ヴォアテュレット E.R.A.からBRM | JACK Yamaguchi's AUTO SPEAK Vol.10

1934 E.R.A.R2A第1世代A型。2008年の仏モンレリー・イベント。(Wiki Simon Davidson photo)



ピーター・バーソンとの出会い
転機は1926年に起きた。メイズは英空軍候補生の友人の紹介で、同じく候補生であったピーター・バーソンに会い、意気投合した。バーソンこそメイズのE.R.A.とBRM計画および事業化における盟友となる人物だ。バーソンは空軍パイロットの資格は持つが、正規の技術教育は受けていないものの天与の技術才能を有した。メイズはモーターレーシングにおいて、バーソン以上のハートナーは現れないと確信し、共にメイズの家業羊毛業を運営し、そのかたわらレース活動を続けようと提案した。メイズ、バーソンの友であった空軍候補生が事故死し、バーソンもクラッシュで長期療養を余儀なくされた。この時間がふたりのレーシング計画を固めた。バーソンは空軍を退役し、羊毛業を営みながらレーシングエンジニアとなる。彼の最初の仕事は、メルセデス・ベンツ2リッター"タルガ・フローリオ"のチューンナップであった。メイズが駆る白いメルセデスは英国内のイベントで好成績をおさめ、シュトウットガルトがワークスメカニックの大群を送りこむ支援をした。

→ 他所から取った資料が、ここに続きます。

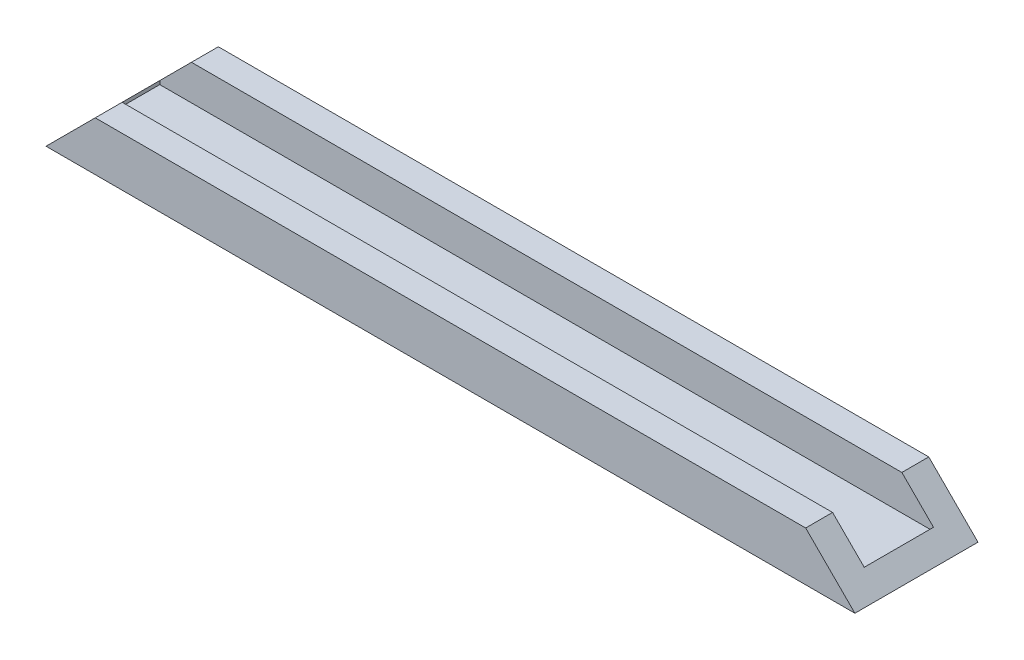
SolidWorks part; units mm, degrees
material "Copper"
ref_plane "Front Plane" through (0, 0, 0) normal (0, 0, 1) x (1, 0, 0)
ref_plane "Top Plane" through (0, 0, 0) normal (0, 1, 0) x (1, 0, 0)
ref_plane "Right Plane" through (0, 0, 0) normal (1, 0, 0) x (0, 0, -1)
sketch "Sketch1" plane through (0, 0, 0) normal (0, 1, 0) x (1, 0, 0)
  line L1 (0, 0) -> (146.05, 0)
  line L2 (0, 0) -> (0, 22.225)
  line L3 (0, 22.225) -> (146.05, 22.225)
  line L4 (146.05, 0) -> (146.05, 22.225)
  dimension "D1" = 146.05
  dimension "D2" = 22.225
extrude "Base Extrude" add sketch "Sketch1" along normal blind 8.89
sketch "Sketch3" plane through (0, 8.89, 0) normal (0, 1, 0) x (1, 0, 0)
  line L1 (3.175, 17.3673) -> (142.875, 17.3672)
  line L2 (3.175, 17.3673) -> (3.175, 4.8577)
  line L3 (3.175, 4.8577) -> (142.875, 4.8577)
  line L4 (142.875, 17.3672) -> (142.875, 4.8577)
  line L5 (0, 22.225) -> (0, 0) construction
  line L6 (146.05, 0) -> (146.05, 22.225) construction
  line L8 (3.175, 11.1125) -> (142.875, 11.1125) construction
  line L9 (146.05, 11.1125) -> (0, 11.1125) construction
  dimension "D1" = 12.5095
  dimension "D2" = 139.7
  dimension "D3" = 3.175
extrude "Piece Cut" cut sketch "Sketch3" against normal blind 6.35
sketch "Sketch4" plane through (0, 0, -22.225) normal (0, 0, -1) x (-1, 0, 0)
  line L0 (0, 0) -> (-8.89, 8.89)
  line L1 (-146.05, 8.89) -> (0, 8.89) construction
  line L2 (0, 0) -> (0, 8.89)
  line L3 (0, 8.89) -> (-8.89, 8.89)
  line L4 (-73.025, 0) -> (-73.025, 8.89) construction
  line L5 (-146.05, 0) -> (0, 0) construction
  line L6 (-146.05, 8.89) -> (-137.16, 8.89)
  line L7 (-146.05, 0) -> (-146.05, 8.89)
  line L8 (-146.05, 0) -> (-137.16, 8.89)
  dimension "D1" = 45
extrude "Corner Cut" cut sketch "Sketch4" against normal through all
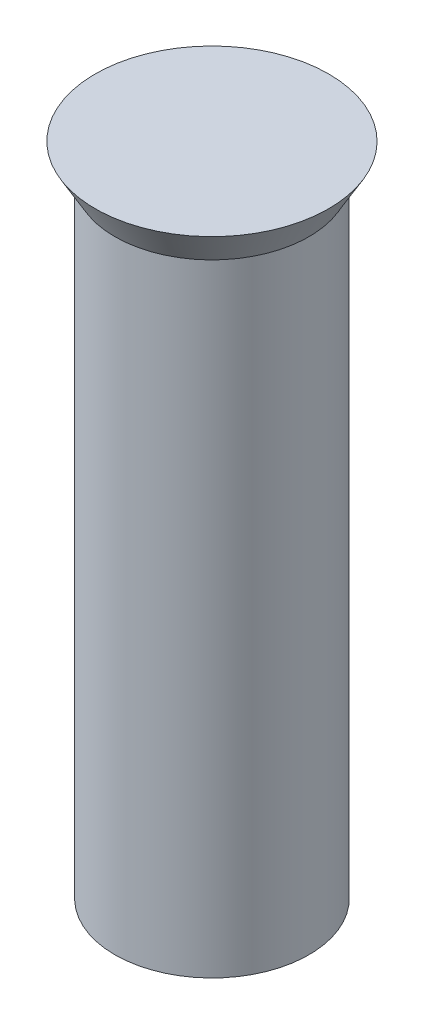
SolidWorks part; units mm, degrees
ref_plane "Front" through (0, 0, 0) normal (0, 0, 1) x (1, 0, 0)
ref_plane "Top" through (0, 0, 0) normal (0, 1, 0) x (1, 0, 0)
ref_plane "Right" through (0, 0, 0) normal (1, 0, 0) x (0, 0, -1)
sketch "Sketch1" plane through (0, 0, 0) normal (0, 0, 1) x (1, 0, 0)
  line L0 (0, 0) -> (0, 6.35) construction
  line L1 (0, 6.35) -> (1.1303, 6.35)
  line L2 (1.1303, 6.35) -> (0.9398, 6.02)
  line L3 (0.9398, 6.02) -> (0.9398, 0)
  line L4 (0.9398, 0) -> (0, 0)
  line L5 (0, 0) -> (0, 6.35)
  dimension "D1" = 1.8796
  dimension "D2" = 2.2606
  dimension "D3" = 30
  dimension "D4" = 0.33
  dimension "D5" = 6.35
revolve "Revolve1" add sketch "Sketch1" angle 360 about L0
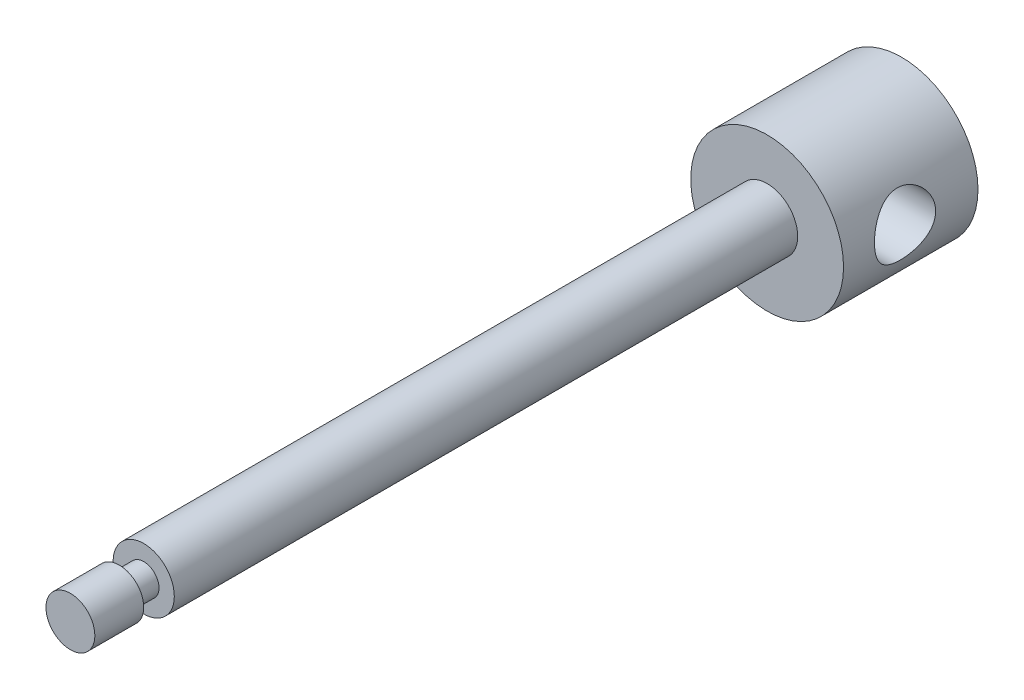
SolidWorks part; units mm, degrees
ref_plane "Front Plane" through (0, 0, 0) normal (0, 0, 1) x (1, 0, 0)
ref_plane "Top Plane" through (0, 0, 0) normal (0, 1, 0) x (1, 0, 0)
ref_plane "Right Plane" through (0, 0, 0) normal (1, 0, 0) x (0, 0, -1)
sketch "Sketch4" plane through (0, 0, 0) normal (0, 0, 1) x (1, 0, 0)
  circle A0 centre (0, 1.2144) radius 12.5
  dimension "D1" = 25
extrude "Boss-Extrude3" add sketch "Sketch4" along normal blind 22
ref_plane "Plane1" through (13, 0, 0) normal (1, 0, 0) x (0, 0, -1)
sketch "Sketch5" plane through (13, 0, 0) normal (1, 0, 0) x (0, 0, -1)
  line L0 (-22, 13.7144) -> (-22, -11.2856) construction
  circle A0 centre (-11.9193, 1.7552) radius 5
  dimension "D1" = 10
extrude "Cut-Extrude1" cut sketch "Sketch5" against normal blind 37
sketch "Sketch6" plane through (0, 0, 22) normal (0, 0, 1) x (1, 0, 0)
  circle A0 centre (0, 1.8053) radius 5
  dimension "D1" = 10
extrude "Boss-Extrude4" add sketch "Sketch6" along normal blind 102
sketch "Sketch7" plane through (0, 0, 124) normal (0, 0, 1) x (1, 0, 0)
  circle A0 centre (0, 1.7414) radius 2.5
  dimension "D1" = 5
extrude "Boss-Extrude5" add sketch "Sketch7" along normal blind 4
sketch "Sketch8" plane through (0, 0, 128) normal (0, 0, 1) x (1, 0, 0)
  circle A0 centre (0, 1.7414) radius 4
  dimension "D1" = 8
extrude "Boss-Extrude6" add sketch "Sketch8" along normal blind 8

その後、メイズ・バーソン・チームは、ヴォクソールやインヴィクタで活動するが、さして成果はなかった。1932年まで、ふたりは羊毛業に励んでいたが、春に商用でメイズの小型車ライレーに乗りバーミンガムに出かけた。車中の会話は当然モーターレーシングで、ライレーの新型スポーツ・モデルのレーシングカーとしての可能性で意見が一致した。ふたりは、帰途、コヴェントリーのライレー社の門をくぐり、ヴィクター・ライレー社長の面会を求めた。このあたりも英国上流階級の行動と説得力だ。バーソンの提案は、新型1 1/2リッター直列6気筒をチューンし、オーストリア人ドライバーのハンス・シュトックに奪われていた英国の名物ヒルクライム、シェエルズレイ・ウォルシュの記録を奪回することだった。ライレーは興味を示し、エンジン改造計画を討議した。

1933年、メイズの駆る"ホワイト・ライレー"は、見事にシュトックの記録は破るが、新記録の方はこのイベントに特化したマセラティ3リッターが樹立した。この年シーズン終末までには、ホワイト・ライレーは、英国最速の1 1/2リッターレーシングカーの名声を得た。

翌34年シーズン準備に入ろうとしていた時、メイズの元に親友で富豪実業家レーシングドライバーのハンフリー・クックから書状が届いた。彼はホワイト・ライレーの成果に深く印象づけられ、英国を代表するレーシングカー製作会社設立を提案してきた。クックはメイズの経済事情を考慮し、新会社の資本の大半を負担し、メイズとバーソンの投資は、形式的に2ポンド10シリングでよいと提案した。社長取締役がクック、取締役技術担当がバーソン、取締役ワークスドライバーがメイズという布陣だった。社名は、理念通り、"イングリッシュ・レーシング・オートモービル"の頭文字を取って"E.R.A."とすることになった。かくして、メイズ家がこれも形式的低価格で売却した邸内敷地に工場を持つ新会社が発足した。